All of this kind-of reminds me of the Crown ODEP circuitry > highly thoughtful, but complex.
The use of opto-coupling in protection circuits is probably under used but very good.
HOWEVER
When it comes to protecting speakers from DC there has never been a 'LAW calved in stone' stating that -
the output of amplifiers must be DC coupled. Provided you have a capacitance high enough to not introduce
phase shift or current limiting, with AC coupling you really do have fail-safe protection, and achieved in a very simple way.
A capacitor bank to achieve this can be made cost effectively by combining:
a quantity of high value/voltage electrolytics back to back + some bipolars + some quality film types. (all in parallel)
The use of opto-coupling in protection circuits is probably under used but very good.
HOWEVER
When it comes to protecting speakers from DC there has never been a 'LAW calved in stone' stating that -
the output of amplifiers must be DC coupled. Provided you have a capacitance high enough to not introduce
phase shift or current limiting, with AC coupling you really do have fail-safe protection, and achieved in a very simple way.
A capacitor bank to achieve this can be made cost effectively by combining:
a quantity of high value/voltage electrolytics back to back + some bipolars + some quality film types. (all in parallel)
33,000 uF output capacitor….
Could still put out a dangerous enough transient into a cute little 5” woofer.
Could still put out a dangerous enough transient into a cute little 5” woofer.
For beginners dont believe everything you see or hear on forums, use your common sense and lecture notes, although right now forums might be more helpful on some matters than chatgpt, next gpt update might be able to sort through forums. Sometimes veterans are just having a little fun horsing around. Hope no next generation engineers have had they minds bungled up. Even class A amplifiers burn and their control systems are sometimes as complex as a small computer. Heres an example of a burned out beloved class A amplifier, what a beauty.

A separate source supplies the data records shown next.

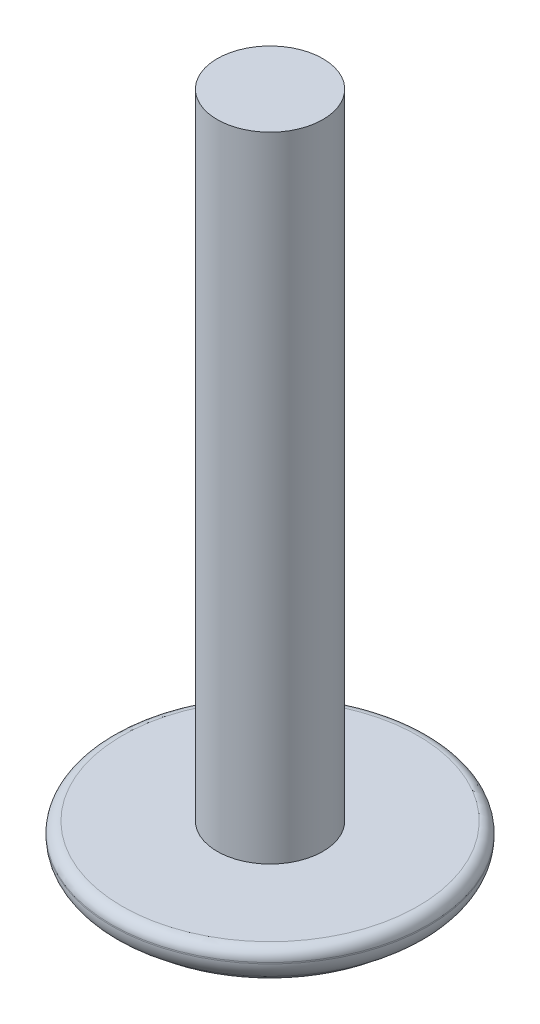
SolidWorks part; units mm, degrees
material "AISI 1045 Steel, cold drawn"
ref_plane "Front Plane" through (0, 0, 0) normal (1, 0, 0) x (0, 1, 0)
ref_plane "Top Plane" through (0, 0, 0) normal (0, 0, 1) x (0, 1, 0)
ref_plane "Right Plane" through (0, 0, 0) normal (0, 1, 0) x (-1, 0, 0)
sketch "Sketch1" plane through (0, 0, 0) normal (1, 0, 0) x (0, 1, 0)
  line L0 (0, 12.6738) -> (0, -14.1332) construction
  line L1 (-13.8486, 0) -> (25.4018, 0) construction
  line L2 (-1, 7.5) -> (0, 7.5)
  line L3 (0, 7.5) -> (0, 0)
  line L4 (-4, 0) -> (0, 0)
  line L5 (0, 2.5) -> (30, 2.5)
  line L6 (30, 2.5) -> (30, 0)
  line L7 (0, 0) -> (30, 0)
  arc A3 (-1, 7.5) -> (-4, 0) centre (6.875, 0) ccw
  dimension "D1" = 1
  dimension "D2" = 7.5
  dimension "D3" = 4
  dimension "D5" = 30
  dimension "D6" = 5
revolve "Revolve1" add sketch "Sketch1" angle 360 about L1
fillet "Fillet1" radius 0.5 1 edges at (0, 0, -7.5)
fillet "Fillet2" radius 1 1 edges at (0, -1, -7.5)

The “magic” of SSRs is that they won’t weld their contacts shut in the event of trying to open in the presence of sufficient stored energy in your speaker’s VC. Relays big enough to handle the energy must be used, and they can get big and slow. And expensive. When you can find them for $2.99 from a surplus house thats one thing. But that stock is dwindling all over the world, leaving you to buy new at prices that make a pair of $10 hexfets and a couple assorted small parts quite attractive.SSRs are great and can be used, but they cant do magic outside a certain threshold.
Those ice cube relays were more than fast enough, if the speaker is robust enough to tolerate the amp being run to hard clipping when playing music. But if the speakers are undersized and the amp only used for “headroom” better protection may be needed. And when you start looking at multi kW amps, no reasonable relay is big enough to safely open under all fault conditions. Well, the ones they use for a 5 ton AC compressor are, but you won’t find an amp with one of those in it. Hell, they probably use SSRs in the modern ones anyway.
In post 32 one can gun for 60A performance if the power supply allows especially for those bass bursts in home theatre listening however, the amp will be gone in a flash if anything goes wrong. Since our output sensing is digital in nature one can replace the thyristor with a capacitor further stretching burst performance to 60A, its quite a popular approach, but it gets quiet suddenly😉. The amplifier must also have pleasant clipping nature where the sound gets fuller. The amp should not be like walking on glass when driven hard. That's why some manufacturers stick to house brew EI cores and tube like sounding amplifiers.